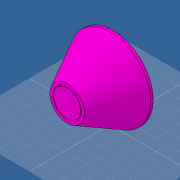
# Autodesk Inventor part: Zyklon_Konus
Saved by Autodesk Inventor 2019 (Build 230136000, 136)
## iProperties
Created: 2020-08-01
Part Number: Zyklon_Konus
Material: Generisch
Document SubType Name: Modeling
Designer: Stefan
Mass: 675.278 g
Surface Area: 698.059 cm^2
Volume: 675.278 cm^3
Density: 1 g/cm^3
Appearance: Magenta
Author: Stefan
Autodesk Inventor part; units mm, degrees
ref_plane "YZ Plane" through (0, 0, 0) normal (1, 0, 0) x (0, 1, 0)
ref_plane "XZ Plane" through (0, 0, 0) normal (0, 1, 0) x (-1, 0, 0)
ref_plane "XY Plane" through (0, 0, 0) normal (0, 0, 1) x (1, 0, 0)
sketch "Skizze1" plane through (0, 0, 0) normal (0, 0, 1) x (1, 0, 0)
  circle A0 centre (0, 0) radius 70
  circle A1 centre (0, 0) radius 25.05
  circle A2 centre (0, 0) radius 23.05
  dimension "d0" = 140
  dimension "d1" = 50.1
  dimension "d2" = 46.1
  constraints: 3 centre point, 3 coincident
  measures "d0" diameter of A0
  measures "d1" diameter of A1
  measures "d2" diameter of A2
extrude "Extrusion1" add sketch "Skizze1" against normal blind 5 contours A0 | A1 | A2
extrude "Extrusion2" add sketch "Skizze1" along normal blind 75
sketch "Skizze2" plane through (0, 0, 0) normal (1, 0, 0) x (0, 1, 0)
  line L0 (23.05, 75) -> (23.05, 0) projected
  line L1 (23.05, 0) -> (25.05, 0) projected
  line L2 (25.05, 0) -> (25.05, 75) projected
  line L3 (25.05, 75) -> (70, 75) projected
  line L4 (70, 75) -> (70, -5) projected
  line L5 (70, -5) -> (-70, -5) projected
  line L6 (-70, -5) -> (-70, 75) projected
  line L7 (-70, 75) -> (-25.05, 75) projected
  line L8 (-25.05, 75) -> (-25.05, 0) projected
  line L9 (-25.05, 0) -> (-23.05, 0) projected
  line L10 (-23.05, 0) -> (-23.05, 75) projected
  line L11 (-23.05, 75) -> (23.05, 75) projected
  line L12 (70, 75) -> (70, 0)
  line L13 (0, 75) -> (0, -5) construction
  line L14 (70, 0) -> (30.05, 75)
  line L15 (70, 75) -> (30.05, 75)
  point P0 (0, 0)
  dimension "d7" = 5
  constraints: 8 end point, 2 collinear, 2 midpoint, 2 point on line, 1 horizontal alignment
  measures "d7" distance from line of L14.end L2
revolve "Umdrehung1" cut sketch "Skizze2" angle 360 about axis through (0, 0, 75) along (0, 0, -1) contours L3 L4 L14

PROBLEM TO WORK ON:
Output the material above exactly, but only from the line that carries "## iProperties" through the line that carries "line L11 (-23.05, 75)".

EXERCISE SOLUTION:
## iProperties
Created: 2020-08-01
Part Number: Zyklon_Konus
Material: Generisch
Document SubType Name: Modeling
Designer: Stefan
Mass: 675.278 g
Surface Area: 698.059 cm^2
Volume: 675.278 cm^3
Density: 1 g/cm^3
Appearance: Magenta
Author: Stefan
Autodesk Inventor part; units mm, degrees
ref_plane "YZ Plane" through (0, 0, 0) normal (1, 0, 0) x (0, 1, 0)
ref_plane "XZ Plane" through (0, 0, 0) normal (0, 1, 0) x (-1, 0, 0)
ref_plane "XY Plane" through (0, 0, 0) normal (0, 0, 1) x (1, 0, 0)
sketch "Skizze1" plane through (0, 0, 0) normal (0, 0, 1) x (1, 0, 0)
  circle A0 centre (0, 0) radius 70
  circle A1 centre (0, 0) radius 25.05
  circle A2 centre (0, 0) radius 23.05
  dimension "d0" = 140
  dimension "d1" = 50.1
  dimension "d2" = 46.1
  constraints: 3 centre point, 3 coincident
  measures "d0" diameter of A0
  measures "d1" diameter of A1
  measures "d2" diameter of A2
extrude "Extrusion1" add sketch "Skizze1" against normal blind 5 contours A0 | A1 | A2
extrude "Extrusion2" add sketch "Skizze1" along normal blind 75
sketch "Skizze2" plane through (0, 0, 0) normal (1, 0, 0) x (0, 1, 0)
  line L0 (23.05, 75) -> (23.05, 0) projected
  line L1 (23.05, 0) -> (25.05, 0) projected
  line L2 (25.05, 0) -> (25.05, 75) projected
  line L3 (25.05, 75) -> (70, 75) projected
  line L4 (70, 75) -> (70, -5) projected
  line L5 (70, -5) -> (-70, -5) projected
  line L6 (-70, -5) -> (-70, 75) projected
  line L7 (-70, 75) -> (-25.05, 75) projected
  line L8 (-25.05, 75) -> (-25.05, 0) projected
  line L9 (-25.05, 0) -> (-23.05, 0) projected
  line L10 (-23.05, 0) -> (-23.05, 75) projected
  line L11 (-23.05, 75) -> (23.05, 75) projected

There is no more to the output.